*** Record extracts ***

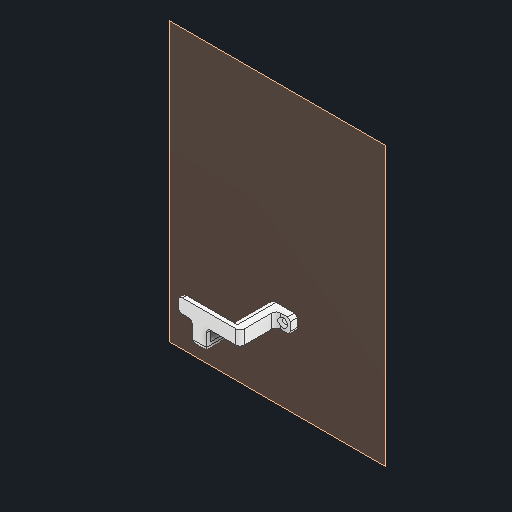
# Autodesk Inventor part: FrontBracket
Saved by Autodesk Inventor 2023 (Build 270158000, 158)
## iProperties
Created: 2023-09-27
Part Number: FrontBracket
Material: Пластик ПАЭК
Document SubType Name: Modeling
Designer: khrip
Density: 1.32 g/cm^3
Appearance: Гладкий — белый
Author: khrip
Autodesk Inventor part; units mm, degrees
ref_plane "YZ Plane" through (0, 0, 0) normal (1, 0, 0) x (0, 1, 0)
ref_plane "XZ Plane" through (0, 0, 0) normal (0, 1, 0) x (-1, 0, 0)
ref_plane "XY Plane" through (0, 0, 0) normal (0, 0, 1) x (1, 0, 0)
ref_plane "РабПлоскость1" through (0, 0, 0) normal (0, 0, 1) x (1, 0, 0)
sketch "Эскиз1" plane through (0, 0, 0) normal (0, 0, 1) x (1, 0, 0)
  line L0 (-6, -50.525) -> (-6, 46.475) projected
  arc A0 (-10, -54.525) -> (-6, -50.525) centre (-10, -50.525) ccw projected
  line L1 (-36, -54.525) -> (-10, -54.525) projected
  arc A1 (-40, -50.525) -> (-36, -54.525) centre (-36, -50.525) ccw projected
  line L2 (-40, 46.475) -> (-40, -50.525) projected
  circle A2 centre (-1, -39.525) radius 5
  line L3 (5, 13.475) -> (5, 17.5589) projected
  line L4 (14, -44.525) -> (4, -44.525)
  line L5 (4, -44.525) -> (4, -34.525)
  line L6 (4, -34.525) -> (14, -34.525)
  line L7 (14, -34.525) -> (14, -44.525)
  line L8 (4, -44.525) -> (-1, -44.525)
  line L9 (-1, -44.525) -> (-1, -34.525)
  line L10 (-1, -34.525) -> (4, -34.525)
  line L11 (4, -34.525) -> (4, -44.525)
  point P0 (0, 0)
  dimension "d0" = 10
  dimension "d1" = 10
  dimension "d2" = 5
  dimension "d3" = 10
  dimension "d4" = 15
  dimension "d5" = 20
  constraints: 16 end point, 4 parallel, 2 horizontal, 2 perpendicular, 1 midpoint, 1 vertical, 3 other
  measures "d1" distance of L5.end L6.end
  measures "d2" distance of L9.end L10.end
  measures "d3" distance between parallel lines of L1 L4
  measures "d4" distance from line of L1 point (-1, -39.525)
  measures "d5" distance between parallel lines of L6 L1
extrude "Выдавливание1" add sketch "Эскиз1" along normal blind 5
sketch "Эскиз2" plane through (0, 0, 5) normal (0, 0, 1) x (1, 0, 0)
  line L0 (-1, -44.525) -> (14, -44.525) projected
  line L1 (14, -44.525) -> (14, -34.525) projected
  line L2 (14, -34.525) -> (-1, -34.525) projected
  arc A0 (-1, -34.525) -> (-1, -44.525) centre (-1, -39.525) ccw projected
  circle A1 centre (-1, -39.525) radius 5
  line L3 (-1, -44.525) -> (4, -44.525)
  line L4 (4, -44.525) -> (4, -34.525)
  line L5 (4, -34.525) -> (-1, -34.525)
  line L6 (-1, -34.525) -> (-1, -44.525)
  point P0 (0, 0)
  point P1 (4, -44.525)
  dimension "d8" = 10
  constraints: 8 end point, 2 parallel, 1 coincident, 1 horizontal, 1 perpendicular, 1 point on line, 1 vertical alignment, 2 other
  measures "d8" distance between parallel lines of L1 L4
extrude "Выдавливание2" add sketch "Эскиз2" along normal blind 22.5 contours A1 L4 L0 | L6 A1 | A0 L6 | L2 L4 A1
sketch "Эскиз3" plane through (0, 0, 27.5) normal (0, 0, 1) x (1, 0, 0)
  line L0 (-1, -44.525) -> (4, -44.525) projected
  line L1 (4, -44.525) -> (4, -34.525) projected
  line L2 (4, -34.525) -> (-1, -34.525) projected
  arc A0 (-1, -34.525) -> (-1, -44.525) centre (-1, -39.525) ccw projected
  line L3 (4, -34.525) -> (-40, -34.525)
  line L4 (-40, -34.525) -> (-40, -44.525)
  line L5 (-40, -44.525) -> (4, -44.525)
  line L6 (4, -44.525) -> (4, -34.525)
  line L7 (-40, 46.475) -> (-40, -50.525) projected
  line L8 (-30, -34.525) -> (-20, -34.525)
  line L9 (-20, -34.525) -> (-20, -59.525)
  line L10 (-20, -59.525) -> (-30, -59.525)
  line L11 (-30, -59.525) -> (-30, -34.525)
  line L12 (-36, -54.525) -> (-10, -54.525) projected
  point P0 (0, 0)
  point P1 (-1, -34.525)
  point P2 (-20, -44.525)
  point P3 (-30, -44.525)
  dimension "d11" = 0
  dimension "d12" = 10
  dimension "d24" = 10
  dimension "d25" = 10
  dimension "d26" = 5
  constraints: 16 end point, 4 parallel, 2 horizontal, 2 perpendicular, 1 point on line
  measures "d11" distance between parallel lines of L7 L4
  measures "d12" distance between parallel lines of L3 L5
  measures "d24" distance of L9.end L10.end
  measures "d25" distance between parallel lines of L7 L11
  measures "d26" distance between parallel lines of L10 L12
extrude "Выдавливание3" add sketch "Эскиз3" along normal blind 3
sketch "Эскиз4" plane through (0, 0, 5) normal (0, 0, 1) x (1, 0, 0)
  line L0 (4, -34.525) -> (4, -44.525) projected
  line L1 (4, -44.525) -> (14, -44.525) projected
  line L2 (14, -44.525) -> (14, -34.525) projected
  line L3 (14, -34.525) -> (4, -34.525) projected
  circle A0 centre (9, -39.525) radius 1.6899
  point P0 (0, 0)
  constraints: 1 centre point
hole "Отверстие1" at (9, -39.525, 5) direction (0, 0, -1) diameter 3.4 end through all countersink diameter 6.3 countersink angle 90 clearance for "Винт с потайной головкой ISO 2009/7046" size "M3" standard "ISO"
fillet "Сопряжение1" radius 2 2 edges at (14, -34.525, 2.5) (14, -44.525, 2.5)
fillet "Сопряжение2" radius 3 2 edges at (4, -39.525, 5) (4, -39.525, 30.5)
sketch "Эскиз5" plane through (0, 0, 27.5) normal (0, 0, -1) x (-1, 0, 0)
  line L0 (30, -59.525) -> (20, -59.525) projected
  line L1 (30, -44.525) -> (30, -59.525) projected
  line L2 (20, -59.525) -> (30, -59.525)
  line L3 (30, -59.525) -> (30, -54.525)
  line L4 (30, -54.525) -> (20, -54.525)
  line L5 (20, -54.525) -> (20, -59.525)
  point P0 (0, 0)
  dimension "d27" = 5
  constraints: 8 end point, 2 parallel, 1 horizontal, 1 perpendicular, 1 point on line
  measures "d27" distance of L3.end L2.end
extrude "Выдавливание4" add sketch "Эскиз5" along normal blind 10
fillet "Сопряжение3" radius 3 8 edges at (-20, -44.525, 29) (-30, -44.525, 29) (-40, -44.525, 29) (-40, -34.525, 29) (-20, -59.525, 24) (-30, -59.525, 24) (-25, -59.525, 30.5) (-25, -59.525, 17.5)

*** End of Record extracts ***

Only the wording of the records is wanted: copy it all exactly and omit the pictures.

# Autodesk Inventor part: FrontBracket
Saved by Autodesk Inventor 2023 (Build 270158000, 158)
## iProperties
Created: 2023-09-27
Part Number: FrontBracket
Material: Пластик ПАЭК
Document SubType Name: Modeling
Designer: khrip
Density: 1.32 g/cm^3
Appearance: Гладкий — белый
Author: khrip
Autodesk Inventor part; units mm, degrees
ref_plane "YZ Plane" through (0, 0, 0) normal (1, 0, 0) x (0, 1, 0)
ref_plane "XZ Plane" through (0, 0, 0) normal (0, 1, 0) x (-1, 0, 0)
ref_plane "XY Plane" through (0, 0, 0) normal (0, 0, 1) x (1, 0, 0)
ref_plane "РабПлоскость1" through (0, 0, 0) normal (0, 0, 1) x (1, 0, 0)
sketch "Эскиз1" plane through (0, 0, 0) normal (0, 0, 1) x (1, 0, 0)
  line L0 (-6, -50.525) -> (-6, 46.475) projected
  arc A0 (-10, -54.525) -> (-6, -50.525) centre (-10, -50.525) ccw projected
  line L1 (-36, -54.525) -> (-10, -54.525) projected
  arc A1 (-40, -50.525) -> (-36, -54.525) centre (-36, -50.525) ccw projected
  line L2 (-40, 46.475) -> (-40, -50.525) projected
  circle A2 centre (-1, -39.525) radius 5
  line L3 (5, 13.475) -> (5, 17.5589) projected
  line L4 (14, -44.525) -> (4, -44.525)
  line L5 (4, -44.525) -> (4, -34.525)
  line L6 (4, -34.525) -> (14, -34.525)
  line L7 (14, -34.525) -> (14, -44.525)
  line L8 (4, -44.525) -> (-1, -44.525)
  line L9 (-1, -44.525) -> (-1, -34.525)
  line L10 (-1, -34.525) -> (4, -34.525)
  line L11 (4, -34.525) -> (4, -44.525)
  point P0 (0, 0)
  dimension "d0" = 10
  dimension "d1" = 10
  dimension "d2" = 5
  dimension "d3" = 10
  dimension "d4" = 15
  dimension "d5" = 20
  constraints: 16 end point, 4 parallel, 2 horizontal, 2 perpendicular, 1 midpoint, 1 vertical, 3 other
  measures "d1" distance of L5.end L6.end
  measures "d2" distance of L9.end L10.end
  measures "d3" distance between parallel lines of L1 L4
  measures "d4" distance from line of L1 point (-1, -39.525)
  measures "d5" distance between parallel lines of L6 L1
extrude "Выдавливание1" add sketch "Эскиз1" along normal blind 5
sketch "Эскиз2" plane through (0, 0, 5) normal (0, 0, 1) x (1, 0, 0)
  line L0 (-1, -44.525) -> (14, -44.525) projected
  line L1 (14, -44.525) -> (14, -34.525) projected
  line L2 (14, -34.525) -> (-1, -34.525) projected
  arc A0 (-1, -34.525) -> (-1, -44.525) centre (-1, -39.525) ccw projected
  circle A1 centre (-1, -39.525) radius 5
  line L3 (-1, -44.525) -> (4, -44.525)
  line L4 (4, -44.525) -> (4, -34.525)
  line L5 (4, -34.525) -> (-1, -34.525)
  line L6 (-1, -34.525) -> (-1, -44.525)
  point P0 (0, 0)
  point P1 (4, -44.525)
  dimension "d8" = 10
  constraints: 8 end point, 2 parallel, 1 coincident, 1 horizontal, 1 perpendicular, 1 point on line, 1 vertical alignment, 2 other
  measures "d8" distance between parallel lines of L1 L4
extrude "Выдавливание2" add sketch "Эскиз2" along normal blind 22.5 contours A1 L4 L0 | L6 A1 | A0 L6 | L2 L4 A1
sketch "Эскиз3" plane through (0, 0, 27.5) normal (0, 0, 1) x (1, 0, 0)
  line L0 (-1, -44.525) -> (4, -44.525) projected
  line L1 (4, -44.525) -> (4, -34.525) projected
  line L2 (4, -34.525) -> (-1, -34.525) projected
  arc A0 (-1, -34.525) -> (-1, -44.525) centre (-1, -39.525) ccw projected
  line L3 (4, -34.525) -> (-40, -34.525)
  line L4 (-40, -34.525) -> (-40, -44.525)
  line L5 (-40, -44.525) -> (4, -44.525)
  line L6 (4, -44.525) -> (4, -34.525)
  line L7 (-40, 46.475) -> (-40, -50.525) projected
  line L8 (-30, -34.525) -> (-20, -34.525)
  line L9 (-20, -34.525) -> (-20, -59.525)
  line L10 (-20, -59.525) -> (-30, -59.525)
  line L11 (-30, -59.525) -> (-30, -34.525)
  line L12 (-36, -54.525) -> (-10, -54.525) projected
  point P0 (0, 0)
  point P1 (-1, -34.525)
  point P2 (-20, -44.525)
  point P3 (-30, -44.525)
  dimension "d11" = 0
  dimension "d12" = 10
  dimension "d24" = 10
  dimension "d25" = 10
  dimension "d26" = 5
  constraints: 16 end point, 4 parallel, 2 horizontal, 2 perpendicular, 1 point on line
  measures "d11" distance between parallel lines of L7 L4
  measures "d12" distance between parallel lines of L3 L5
  measures "d24" distance of L9.end L10.end
  measures "d25" distance between parallel lines of L7 L11
  measures "d26" distance between parallel lines of L10 L12
extrude "Выдавливание3" add sketch "Эскиз3" along normal blind 3
sketch "Эскиз4" plane through (0, 0, 5) normal (0, 0, 1) x (1, 0, 0)
  line L0 (4, -34.525) -> (4, -44.525) projected
  line L1 (4, -44.525) -> (14, -44.525) projected
  line L2 (14, -44.525) -> (14, -34.525) projected
  line L3 (14, -34.525) -> (4, -34.525) projected
  circle A0 centre (9, -39.525) radius 1.6899
  point P0 (0, 0)
  constraints: 1 centre point
hole "Отверстие1" at (9, -39.525, 5) direction (0, 0, -1) diameter 3.4 end through all countersink diameter 6.3 countersink angle 90 clearance for "Винт с потайной головкой ISO 2009/7046" size "M3" standard "ISO"
fillet "Сопряжение1" radius 2 2 edges at (14, -34.525, 2.5) (14, -44.525, 2.5)
fillet "Сопряжение2" radius 3 2 edges at (4, -39.525, 5) (4, -39.525, 30.5)
sketch "Эскиз5" plane through (0, 0, 27.5) normal (0, 0, -1) x (-1, 0, 0)
  line L0 (30, -59.525) -> (20, -59.525) projected
  line L1 (30, -44.525) -> (30, -59.525) projected
  line L2 (20, -59.525) -> (30, -59.525)
  line L3 (30, -59.525) -> (30, -54.525)
  line L4 (30, -54.525) -> (20, -54.525)
  line L5 (20, -54.525) -> (20, -59.525)
  point P0 (0, 0)
  dimension "d27" = 5
  constraints: 8 end point, 2 parallel, 1 horizontal, 1 perpendicular, 1 point on line
  measures "d27" distance of L3.end L2.end
extrude "Выдавливание4" add sketch "Эскиз5" along normal blind 10
fillet "Сопряжение3" radius 3 8 edges at (-20, -44.525, 29) (-30, -44.525, 29) (-40, -44.525, 29) (-40, -34.525, 29) (-20, -59.525, 24) (-30, -59.525, 24) (-25, -59.525, 30.5) (-25, -59.525, 17.5)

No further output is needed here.